─── Listed entries
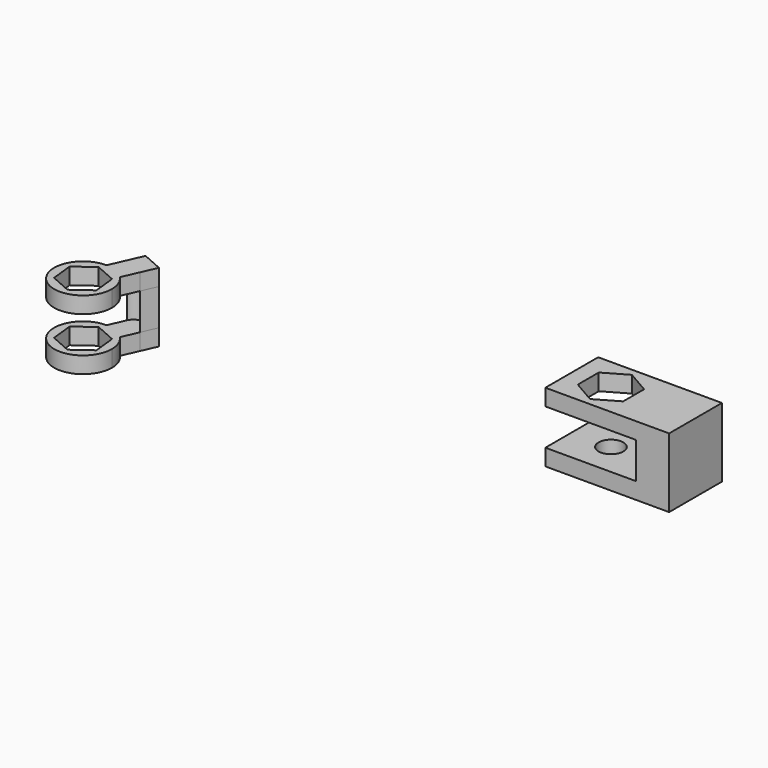
from build123d import *

# Parameters (mm, degrees)
F1_DEPTH  = 8.4
F3_DEPTH  = 25
F4_W      = 9.4060590708
F4_H      = 4.4
F5_DEPTH  = 25
F7_DEPTH  = 4.4
F8_W      = 15
F8_H      = 8
F9_DEPTH  = 10
F10_W     = 11
F10_H     = 4.4
F11_DEPTH = 25
F12_W     = 15
F12_H     = 1.6
F13_DEPTH = 25
F14_DEPTH = 10
F15_R     = 1.5
F16_DEPTH = 25


# Not quite as in the source:
# - a feature names something its author has since deleted; it is built from what else it names


with BuildPart() as f1:
    # F0 (on Top) → F1 (new body)
    with BuildSketch(Plane.XY):
        with BuildLine():
            Line((-17.517138558, 6.0693021001), (-17.8563866138, 5.3041045041))
            Line((-17.8563866138, 5.3041045041), (-17.5646357736, 2.5696243986))
            Line((-17.5646357736, 2.5696243986), (-19.786889591, 0.9497207067))
            Line((-19.786889591, 0.9497207067), (-22.3008942486, 2.0642971202))
            Line((-22.3008942486, 2.0642971202), (-22.5926450887, 4.7987772257))
            Line((-22.5926450887, 4.7987772257), (-20.3703912714, 6.4186809176))
            Line((-20.3703912714, 6.4186809176), (-20.0311432156, 7.1838785137))
            ThreePointArc((-20.0311432156, 7.1838785137), (-22.570250378, 1.2261772417), (-16.5786404312, 3.6842008121))
            ThreePointArc((-16.5786404312, 3.6842008121), (-16.8217050192, 4.9657513269), (-17.517138558, 6.0693021001))
        make_face()
        with BuildLine():
            Line((-20.3703912714, 6.4186809176), (-17.8563866138, 5.3041045041))
            Line((-17.8563866138, 5.3041045041), (-17.517138558, 6.0693021001))
            ThreePointArc((-17.517138558, 6.0693021001), (-18.6600886321, 6.8838431036), (-20.0311432156, 7.1838785137))
            Line((-20.0311432156, 7.1838785137), (-20.3703912714, 6.4186809176))
        make_face()
        with BuildLine():
            ThreePointArc((-20.0311432156, 7.1838785137), (-18.6600886321, 6.8838431036), (-17.517138558, 6.0693021001))
            Line((-17.517138558, 6.0693021001), (-16.6404850717, 8.0466550396))
            ThreePointArc((-16.6404850717, 8.0466550396), (-17.3401991937, 9.8609455752), (-19.1544897293, 9.1612314532))
            Line((-19.1544897293, 9.1612314532), (-20.0311432156, 7.1838785137))
        make_face()
        with BuildLine():
            ThreePointArc((-19.1544897293, 9.1612314532), (-17.3401991937, 9.8609455752), (-16.6404850717, 8.0466550396))
            Line((-16.6404850717, 8.0466550396), (-15.8298840437, 9.8750220633))
            Line((-15.8298840437, 9.8750220633), (-18.3438887013, 10.9895984768))
            Line((-18.3438887013, 10.9895984768), (-19.1544897293, 9.1612314532))
        make_face()
    extrude(amount=F1_DEPTH)

    # F2 (on face) → F3 (cut)
    with BuildSketch(Plane(origin=(-16.8884163977, 7.4874286817, 0), x_dir=(0.405300514, 0.9141835118, 0), z_dir=(0.9141835118, -0.405300514, 0))):
        Polygon((-1.5512493534, 2), (2.6117222096, 2), (2.6117222096, 6.4), (-1.5512493534, 6.4), (-9.2430952936, 6.4), (-9.2430952936, 2), align=None)
    extrude(amount=-F3_DEPTH, mode=Mode.SUBTRACT)

    # F4 (on face) → F5 (cut)
    with BuildSketch(Plane(origin=(-16.8884163977, 7.4874286817, 0), x_dir=(-0.405300514, -0.9141835118, 0), z_dir=(-0.9141835118, 0.405300514, 0))):
        with Locations((3.2854164128, 4.2)):
            Rectangle(F4_W, F4_H)
    extrude(amount=-F5_DEPTH, mode=Mode.SUBTRACT)


with BuildPart() as f7:
    # F6 (on face) → F7 (new body)
    with BuildSketch(Plane.XY.offset(2)):
        with BuildLine():
            Line((-18.3438887013, 10.9895984768), (-19.1544897293, 9.1612314532))
            ThreePointArc((-19.1544897293, 9.1612314532), (-17.3401991937, 9.8609455752), (-16.6404850717, 8.0466550396))
            Line((-16.6404850717, 8.0466550396), (-15.8298840437, 9.8750220633))
            Line((-15.8298840437, 9.8750220633), (-18.3438887013, 10.9895984768))
        make_face()
    extrude(amount=F7_DEPTH)


with BuildPart() as f9:
    # F8 (on Top) → F9 (new body)
    with BuildSketch(Plane.XY):
        with Locations((37.5055125356, 15.1265042797)):
            Rectangle(F8_W, F8_H)
        Polygon((32.0055125356, 13.5387910394), (32.0055125356, 16.7142175199), (34.7555125356, 18.3019307602), (37.5055125356, 16.7142175199), (37.5055125356, 13.5387910394), (34.7555125356, 11.9510777991), align=None, mode=Mode.SUBTRACT)
    extrude(amount=F9_DEPTH)

    # F10 (on face) → F11 (cut)
    with BuildSketch(Plane.XZ.offset(-11.1265042797)):
        with Locations((35.5055125356, 5.8)):
            Rectangle(F10_W, F10_H)
    extrude(amount=-F11_DEPTH, mode=Mode.SUBTRACT)

    # F12 (on face) → F13 (cut)
    with BuildSketch(Plane(origin=(0, 19.1265042797, 0), x_dir=(-1, 0, 0), z_dir=(0, 1, 0))):
        with Locations((-37.5055125356, 0.8)):
            Rectangle(F12_W, F12_H)
    extrude(amount=-F13_DEPTH, mode=Mode.SUBTRACT)

    # F14 (add): a face of the model
    f14_faces = [f9.faces().sort_by_distance(p)[0] for p in [
        (30.0055125356, 15.1265042797, 2.6),
    ]]
    extrude(f14_faces, amount=-F14_DEPTH)

    # F15 (on face) → F16 (cut)
    with BuildSketch(Plane(origin=(0, 0, 1.6), x_dir=(1, 0, 0), z_dir=(0, 0, -1))):
        with Locations((34.7555125356, -15.1265042797)):
            Circle(F15_R)
    extrude(amount=-F16_DEPTH, mode=Mode.SUBTRACT)


solid = Compound([f1.part, f7.part, f9.part])
──────
-- Work task --
Please say only the number of lines in the data that hold "amount".

-- Answer section --
9